■ What to produce: Your task is to transcribe the lines from the start of the data below through the line containing "Merge : Merge", inclusive, exactly as they stand and without the pictures.
--- Given information Enclosed Below ---
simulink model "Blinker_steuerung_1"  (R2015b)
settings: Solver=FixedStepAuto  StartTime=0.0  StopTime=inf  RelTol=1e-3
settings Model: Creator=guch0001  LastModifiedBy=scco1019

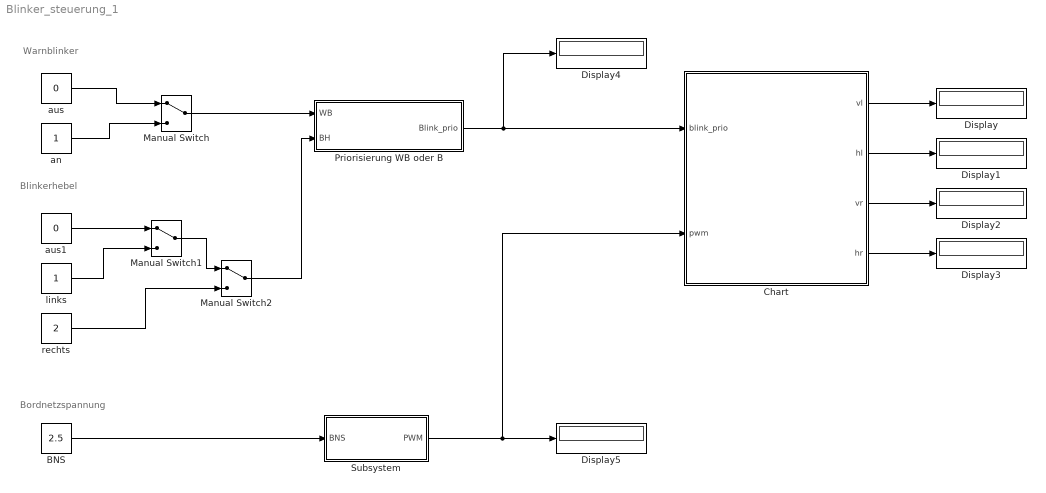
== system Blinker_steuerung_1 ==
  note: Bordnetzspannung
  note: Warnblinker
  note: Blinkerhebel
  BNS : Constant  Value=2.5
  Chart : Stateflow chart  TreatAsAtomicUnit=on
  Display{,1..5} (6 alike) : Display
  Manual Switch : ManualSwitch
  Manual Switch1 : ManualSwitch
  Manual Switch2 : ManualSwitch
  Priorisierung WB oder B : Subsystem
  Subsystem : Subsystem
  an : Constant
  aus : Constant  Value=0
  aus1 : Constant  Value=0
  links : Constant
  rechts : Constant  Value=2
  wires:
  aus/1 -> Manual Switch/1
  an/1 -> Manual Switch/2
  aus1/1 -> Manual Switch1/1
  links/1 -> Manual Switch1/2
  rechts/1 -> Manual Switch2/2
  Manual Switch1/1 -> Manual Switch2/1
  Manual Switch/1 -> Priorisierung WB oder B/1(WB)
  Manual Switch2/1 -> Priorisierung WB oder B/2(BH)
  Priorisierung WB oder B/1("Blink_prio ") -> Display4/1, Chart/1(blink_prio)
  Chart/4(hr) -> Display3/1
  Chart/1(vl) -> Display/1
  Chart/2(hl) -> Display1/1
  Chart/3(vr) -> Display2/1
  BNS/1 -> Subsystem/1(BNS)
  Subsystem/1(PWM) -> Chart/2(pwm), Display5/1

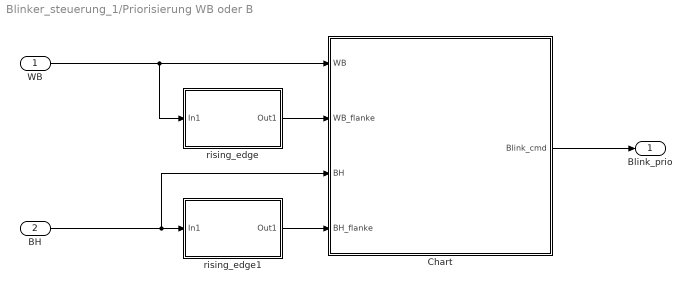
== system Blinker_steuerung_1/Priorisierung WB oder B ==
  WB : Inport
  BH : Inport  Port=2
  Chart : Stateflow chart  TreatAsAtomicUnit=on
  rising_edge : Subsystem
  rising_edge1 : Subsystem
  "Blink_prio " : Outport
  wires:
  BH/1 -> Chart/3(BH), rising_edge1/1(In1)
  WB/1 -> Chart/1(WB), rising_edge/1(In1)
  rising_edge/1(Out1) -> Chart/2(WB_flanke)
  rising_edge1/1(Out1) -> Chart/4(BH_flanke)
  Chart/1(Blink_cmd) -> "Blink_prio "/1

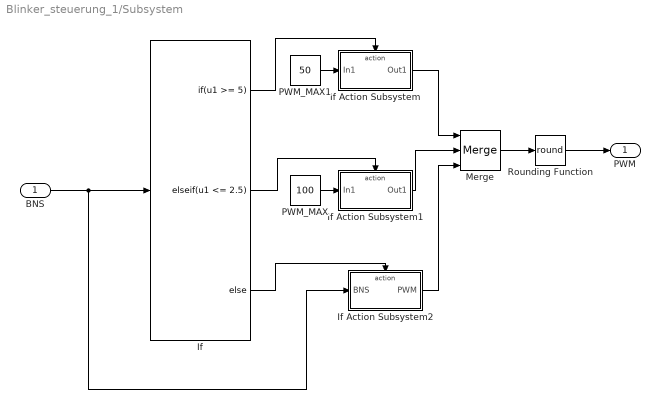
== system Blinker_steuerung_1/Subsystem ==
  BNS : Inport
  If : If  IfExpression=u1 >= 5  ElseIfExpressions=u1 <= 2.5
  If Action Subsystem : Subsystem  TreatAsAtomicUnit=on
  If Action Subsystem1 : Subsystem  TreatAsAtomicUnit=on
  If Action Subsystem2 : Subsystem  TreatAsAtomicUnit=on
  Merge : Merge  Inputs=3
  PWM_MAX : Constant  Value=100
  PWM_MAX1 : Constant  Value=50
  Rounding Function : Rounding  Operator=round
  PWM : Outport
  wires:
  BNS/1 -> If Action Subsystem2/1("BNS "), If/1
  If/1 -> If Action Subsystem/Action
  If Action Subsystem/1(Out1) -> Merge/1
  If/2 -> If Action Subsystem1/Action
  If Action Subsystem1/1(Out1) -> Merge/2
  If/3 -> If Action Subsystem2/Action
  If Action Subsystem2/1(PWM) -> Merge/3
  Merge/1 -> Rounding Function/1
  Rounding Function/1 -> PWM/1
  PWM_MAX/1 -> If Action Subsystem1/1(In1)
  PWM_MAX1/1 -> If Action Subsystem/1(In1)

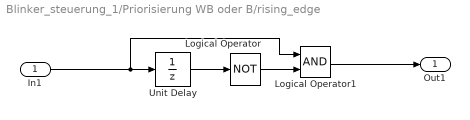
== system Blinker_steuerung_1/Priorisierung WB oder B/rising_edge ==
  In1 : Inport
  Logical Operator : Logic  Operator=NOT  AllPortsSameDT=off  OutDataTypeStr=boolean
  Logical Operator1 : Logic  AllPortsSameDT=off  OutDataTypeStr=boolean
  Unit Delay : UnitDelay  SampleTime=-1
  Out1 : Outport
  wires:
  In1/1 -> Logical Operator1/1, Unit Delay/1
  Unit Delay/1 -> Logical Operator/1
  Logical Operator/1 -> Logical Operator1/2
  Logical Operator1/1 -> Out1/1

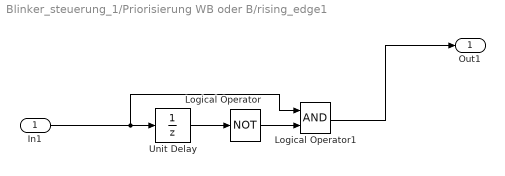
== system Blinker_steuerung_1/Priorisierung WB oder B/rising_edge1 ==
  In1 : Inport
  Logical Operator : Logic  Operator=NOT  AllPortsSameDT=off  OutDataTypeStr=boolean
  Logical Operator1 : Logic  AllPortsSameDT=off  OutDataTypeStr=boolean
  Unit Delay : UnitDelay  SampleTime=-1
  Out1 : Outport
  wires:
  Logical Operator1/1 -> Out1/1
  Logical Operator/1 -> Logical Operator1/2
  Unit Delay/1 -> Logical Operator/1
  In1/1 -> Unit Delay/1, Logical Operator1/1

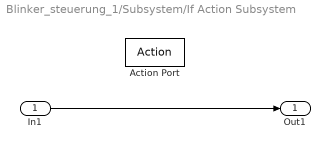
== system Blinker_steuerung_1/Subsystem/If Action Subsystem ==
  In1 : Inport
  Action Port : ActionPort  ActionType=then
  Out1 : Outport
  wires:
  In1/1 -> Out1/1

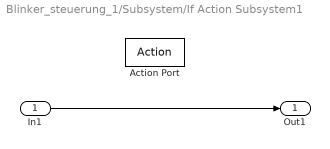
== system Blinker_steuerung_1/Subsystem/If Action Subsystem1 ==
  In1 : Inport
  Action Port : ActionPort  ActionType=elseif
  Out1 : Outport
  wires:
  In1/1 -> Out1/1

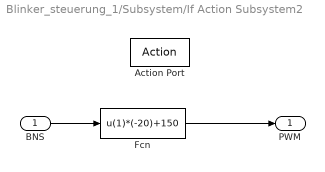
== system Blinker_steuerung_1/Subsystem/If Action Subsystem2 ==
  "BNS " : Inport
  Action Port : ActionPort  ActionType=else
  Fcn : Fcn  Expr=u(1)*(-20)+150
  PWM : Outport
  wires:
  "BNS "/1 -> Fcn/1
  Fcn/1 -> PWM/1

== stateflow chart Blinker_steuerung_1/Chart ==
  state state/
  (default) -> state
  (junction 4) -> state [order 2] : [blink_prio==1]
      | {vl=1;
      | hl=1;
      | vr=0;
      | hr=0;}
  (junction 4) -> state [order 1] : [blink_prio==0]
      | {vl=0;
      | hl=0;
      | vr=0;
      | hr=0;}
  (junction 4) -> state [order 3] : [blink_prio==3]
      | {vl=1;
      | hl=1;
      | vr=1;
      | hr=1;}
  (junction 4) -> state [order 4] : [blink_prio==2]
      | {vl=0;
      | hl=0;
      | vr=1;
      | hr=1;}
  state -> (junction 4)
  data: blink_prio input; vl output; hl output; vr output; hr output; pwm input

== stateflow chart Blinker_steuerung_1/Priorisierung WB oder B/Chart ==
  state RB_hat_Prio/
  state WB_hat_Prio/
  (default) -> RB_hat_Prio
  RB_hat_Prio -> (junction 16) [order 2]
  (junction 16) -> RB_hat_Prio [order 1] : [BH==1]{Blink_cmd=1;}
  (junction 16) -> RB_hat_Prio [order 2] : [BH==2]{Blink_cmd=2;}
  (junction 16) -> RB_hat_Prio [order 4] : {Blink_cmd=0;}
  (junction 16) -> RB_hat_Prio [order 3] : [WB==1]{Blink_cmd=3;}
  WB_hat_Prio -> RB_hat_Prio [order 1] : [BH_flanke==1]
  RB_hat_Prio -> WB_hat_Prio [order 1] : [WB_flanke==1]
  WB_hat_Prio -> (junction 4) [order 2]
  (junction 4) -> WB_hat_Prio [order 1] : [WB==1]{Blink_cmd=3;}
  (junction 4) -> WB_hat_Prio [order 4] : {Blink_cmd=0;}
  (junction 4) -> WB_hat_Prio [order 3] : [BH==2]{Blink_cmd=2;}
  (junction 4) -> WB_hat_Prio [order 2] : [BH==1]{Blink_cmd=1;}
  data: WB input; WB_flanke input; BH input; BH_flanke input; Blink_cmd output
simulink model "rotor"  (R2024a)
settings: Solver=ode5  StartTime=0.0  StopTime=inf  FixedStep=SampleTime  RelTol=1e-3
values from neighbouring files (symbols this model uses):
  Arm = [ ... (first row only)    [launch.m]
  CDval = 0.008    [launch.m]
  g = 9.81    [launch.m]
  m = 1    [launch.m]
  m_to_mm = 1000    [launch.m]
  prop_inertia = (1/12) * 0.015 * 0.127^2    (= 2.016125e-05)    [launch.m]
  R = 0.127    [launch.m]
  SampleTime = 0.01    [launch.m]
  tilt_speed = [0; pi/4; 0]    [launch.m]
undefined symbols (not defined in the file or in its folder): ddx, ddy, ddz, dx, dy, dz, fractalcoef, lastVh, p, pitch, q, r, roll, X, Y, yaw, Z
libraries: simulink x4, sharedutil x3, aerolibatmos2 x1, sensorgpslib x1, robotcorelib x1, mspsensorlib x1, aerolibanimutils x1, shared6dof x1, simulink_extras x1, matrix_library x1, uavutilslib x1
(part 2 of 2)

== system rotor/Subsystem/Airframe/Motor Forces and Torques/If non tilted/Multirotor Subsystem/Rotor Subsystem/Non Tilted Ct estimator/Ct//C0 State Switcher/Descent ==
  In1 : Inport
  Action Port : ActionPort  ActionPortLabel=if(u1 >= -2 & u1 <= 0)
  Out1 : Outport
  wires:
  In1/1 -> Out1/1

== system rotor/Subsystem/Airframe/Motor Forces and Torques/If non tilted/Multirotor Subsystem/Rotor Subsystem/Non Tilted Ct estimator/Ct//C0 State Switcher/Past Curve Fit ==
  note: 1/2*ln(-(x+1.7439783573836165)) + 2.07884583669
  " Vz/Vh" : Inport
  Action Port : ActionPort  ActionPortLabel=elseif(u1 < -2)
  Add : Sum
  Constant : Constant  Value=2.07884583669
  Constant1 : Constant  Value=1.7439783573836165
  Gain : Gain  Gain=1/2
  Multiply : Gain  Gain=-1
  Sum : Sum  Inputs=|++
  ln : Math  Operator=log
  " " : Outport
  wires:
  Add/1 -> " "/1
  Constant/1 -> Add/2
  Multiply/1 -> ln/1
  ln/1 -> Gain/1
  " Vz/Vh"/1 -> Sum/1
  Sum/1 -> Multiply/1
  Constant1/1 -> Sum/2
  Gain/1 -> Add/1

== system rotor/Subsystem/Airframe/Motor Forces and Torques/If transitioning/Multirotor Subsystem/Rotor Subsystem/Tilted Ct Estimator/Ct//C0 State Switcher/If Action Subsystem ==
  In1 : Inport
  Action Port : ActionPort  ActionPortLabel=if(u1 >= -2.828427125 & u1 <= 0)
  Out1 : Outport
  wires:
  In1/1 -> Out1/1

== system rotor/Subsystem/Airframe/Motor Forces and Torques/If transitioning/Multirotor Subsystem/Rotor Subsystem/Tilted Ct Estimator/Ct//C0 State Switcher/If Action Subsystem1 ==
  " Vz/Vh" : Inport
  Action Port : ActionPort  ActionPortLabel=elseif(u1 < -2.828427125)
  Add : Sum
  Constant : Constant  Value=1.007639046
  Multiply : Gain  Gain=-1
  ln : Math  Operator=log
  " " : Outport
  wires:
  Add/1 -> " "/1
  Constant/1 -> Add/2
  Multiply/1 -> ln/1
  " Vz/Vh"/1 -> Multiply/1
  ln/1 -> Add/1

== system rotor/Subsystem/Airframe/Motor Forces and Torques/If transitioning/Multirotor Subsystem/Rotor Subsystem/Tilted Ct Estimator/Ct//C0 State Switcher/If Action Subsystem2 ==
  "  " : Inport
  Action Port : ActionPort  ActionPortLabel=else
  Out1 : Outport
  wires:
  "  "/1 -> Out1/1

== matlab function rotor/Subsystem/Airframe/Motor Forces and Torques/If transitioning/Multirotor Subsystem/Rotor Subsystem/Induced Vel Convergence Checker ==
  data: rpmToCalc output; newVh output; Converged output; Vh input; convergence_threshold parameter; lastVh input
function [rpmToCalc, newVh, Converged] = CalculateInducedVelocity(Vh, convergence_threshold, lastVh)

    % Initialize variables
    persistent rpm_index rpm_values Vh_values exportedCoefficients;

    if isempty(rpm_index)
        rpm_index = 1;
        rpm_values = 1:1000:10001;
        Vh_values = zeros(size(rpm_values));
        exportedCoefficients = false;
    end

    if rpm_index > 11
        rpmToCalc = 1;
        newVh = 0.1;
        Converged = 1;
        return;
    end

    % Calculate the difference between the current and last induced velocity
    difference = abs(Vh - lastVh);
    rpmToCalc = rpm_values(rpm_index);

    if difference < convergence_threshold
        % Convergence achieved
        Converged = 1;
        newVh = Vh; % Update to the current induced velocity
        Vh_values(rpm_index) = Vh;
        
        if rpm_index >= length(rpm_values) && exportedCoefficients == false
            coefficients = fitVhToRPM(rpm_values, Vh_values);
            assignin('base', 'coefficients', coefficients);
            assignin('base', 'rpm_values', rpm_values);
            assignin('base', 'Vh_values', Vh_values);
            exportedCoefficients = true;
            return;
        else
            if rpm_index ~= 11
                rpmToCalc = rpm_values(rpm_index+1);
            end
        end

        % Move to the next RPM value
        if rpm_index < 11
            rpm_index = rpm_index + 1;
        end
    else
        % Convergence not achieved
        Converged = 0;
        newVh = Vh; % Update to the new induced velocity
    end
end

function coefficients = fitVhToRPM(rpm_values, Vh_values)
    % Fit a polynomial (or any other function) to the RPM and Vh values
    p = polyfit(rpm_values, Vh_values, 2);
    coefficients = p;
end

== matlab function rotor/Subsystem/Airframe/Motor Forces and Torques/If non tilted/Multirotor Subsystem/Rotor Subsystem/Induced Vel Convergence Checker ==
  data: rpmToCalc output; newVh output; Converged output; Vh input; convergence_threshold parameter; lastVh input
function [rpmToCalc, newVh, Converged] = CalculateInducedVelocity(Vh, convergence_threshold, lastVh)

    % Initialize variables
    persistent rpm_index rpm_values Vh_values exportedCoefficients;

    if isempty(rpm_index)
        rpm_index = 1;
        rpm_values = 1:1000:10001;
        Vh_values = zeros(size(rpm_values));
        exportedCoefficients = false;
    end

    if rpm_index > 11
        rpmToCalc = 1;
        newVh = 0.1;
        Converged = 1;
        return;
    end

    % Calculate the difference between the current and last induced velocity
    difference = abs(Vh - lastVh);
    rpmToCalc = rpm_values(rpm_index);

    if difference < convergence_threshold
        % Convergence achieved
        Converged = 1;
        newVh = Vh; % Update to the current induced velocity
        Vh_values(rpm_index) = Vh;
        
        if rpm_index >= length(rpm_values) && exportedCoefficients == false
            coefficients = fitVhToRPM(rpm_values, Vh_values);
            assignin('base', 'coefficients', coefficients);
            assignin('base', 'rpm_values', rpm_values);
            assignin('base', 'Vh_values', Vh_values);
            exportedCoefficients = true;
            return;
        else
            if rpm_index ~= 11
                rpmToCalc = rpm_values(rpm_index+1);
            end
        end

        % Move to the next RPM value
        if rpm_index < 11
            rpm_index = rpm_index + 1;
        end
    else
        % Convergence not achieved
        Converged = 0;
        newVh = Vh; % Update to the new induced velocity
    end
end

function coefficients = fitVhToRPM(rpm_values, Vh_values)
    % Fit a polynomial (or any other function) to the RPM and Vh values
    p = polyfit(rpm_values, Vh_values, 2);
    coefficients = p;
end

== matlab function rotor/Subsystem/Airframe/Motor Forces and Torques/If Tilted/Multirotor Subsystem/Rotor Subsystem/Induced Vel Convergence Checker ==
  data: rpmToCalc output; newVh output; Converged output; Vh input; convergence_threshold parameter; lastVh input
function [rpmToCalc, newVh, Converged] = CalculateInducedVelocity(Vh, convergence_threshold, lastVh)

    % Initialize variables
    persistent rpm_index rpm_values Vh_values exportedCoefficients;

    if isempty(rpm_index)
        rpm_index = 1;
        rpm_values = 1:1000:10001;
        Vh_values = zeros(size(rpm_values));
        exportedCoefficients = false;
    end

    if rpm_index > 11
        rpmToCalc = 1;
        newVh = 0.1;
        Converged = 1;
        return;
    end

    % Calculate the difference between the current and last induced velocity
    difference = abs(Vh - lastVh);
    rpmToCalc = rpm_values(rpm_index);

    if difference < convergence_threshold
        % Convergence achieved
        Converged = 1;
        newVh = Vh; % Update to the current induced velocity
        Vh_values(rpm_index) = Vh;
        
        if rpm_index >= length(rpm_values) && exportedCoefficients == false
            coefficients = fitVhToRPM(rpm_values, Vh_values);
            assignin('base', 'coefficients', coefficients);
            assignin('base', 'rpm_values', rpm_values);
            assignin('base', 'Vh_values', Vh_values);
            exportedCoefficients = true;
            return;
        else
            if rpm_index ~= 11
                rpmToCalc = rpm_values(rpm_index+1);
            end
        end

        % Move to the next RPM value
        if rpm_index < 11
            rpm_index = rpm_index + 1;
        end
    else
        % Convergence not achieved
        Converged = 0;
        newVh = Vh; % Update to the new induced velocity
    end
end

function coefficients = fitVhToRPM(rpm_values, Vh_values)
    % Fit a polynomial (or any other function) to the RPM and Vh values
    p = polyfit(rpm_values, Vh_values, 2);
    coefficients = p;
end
--- End of Enclosed Given information ---
■ Written solution:
simulink model "Blinker_steuerung_1"  (R2015b)
settings: Solver=FixedStepAuto  StartTime=0.0  StopTime=inf  RelTol=1e-3
settings Model: Creator=guch0001  LastModifiedBy=scco1019

== system Blinker_steuerung_1 ==
  note: Bordnetzspannung
  note: Warnblinker
  note: Blinkerhebel
  BNS : Constant  Value=2.5
  Chart : Stateflow chart  TreatAsAtomicUnit=on
  Display{,1..5} (6 alike) : Display
  Manual Switch : ManualSwitch
  Manual Switch1 : ManualSwitch
  Manual Switch2 : ManualSwitch
  Priorisierung WB oder B : Subsystem
  Subsystem : Subsystem
  an : Constant
  aus : Constant  Value=0
  aus1 : Constant  Value=0
  links : Constant
  rechts : Constant  Value=2
  wires:
  aus/1 -> Manual Switch/1
  an/1 -> Manual Switch/2
  aus1/1 -> Manual Switch1/1
  links/1 -> Manual Switch1/2
  rechts/1 -> Manual Switch2/2
  Manual Switch1/1 -> Manual Switch2/1
  Manual Switch/1 -> Priorisierung WB oder B/1(WB)
  Manual Switch2/1 -> Priorisierung WB oder B/2(BH)
  Priorisierung WB oder B/1("Blink_prio ") -> Display4/1, Chart/1(blink_prio)
  Chart/4(hr) -> Display3/1
  Chart/1(vl) -> Display/1
  Chart/2(hl) -> Display1/1
  Chart/3(vr) -> Display2/1
  BNS/1 -> Subsystem/1(BNS)
  Subsystem/1(PWM) -> Chart/2(pwm), Display5/1

== system Blinker_steuerung_1/Priorisierung WB oder B ==
  WB : Inport
  BH : Inport  Port=2
  Chart : Stateflow chart  TreatAsAtomicUnit=on
  rising_edge : Subsystem
  rising_edge1 : Subsystem
  "Blink_prio " : Outport
  wires:
  BH/1 -> Chart/3(BH), rising_edge1/1(In1)
  WB/1 -> Chart/1(WB), rising_edge/1(In1)
  rising_edge/1(Out1) -> Chart/2(WB_flanke)
  rising_edge1/1(Out1) -> Chart/4(BH_flanke)
  Chart/1(Blink_cmd) -> "Blink_prio "/1

== system Blinker_steuerung_1/Subsystem ==
  BNS : Inport
  If : If  IfExpression=u1 >= 5  ElseIfExpressions=u1 <= 2.5
  If Action Subsystem : Subsystem  TreatAsAtomicUnit=on
  If Action Subsystem1 : Subsystem  TreatAsAtomicUnit=on
  If Action Subsystem2 : Subsystem  TreatAsAtomicUnit=on
  Merge : Merge  Inputs=3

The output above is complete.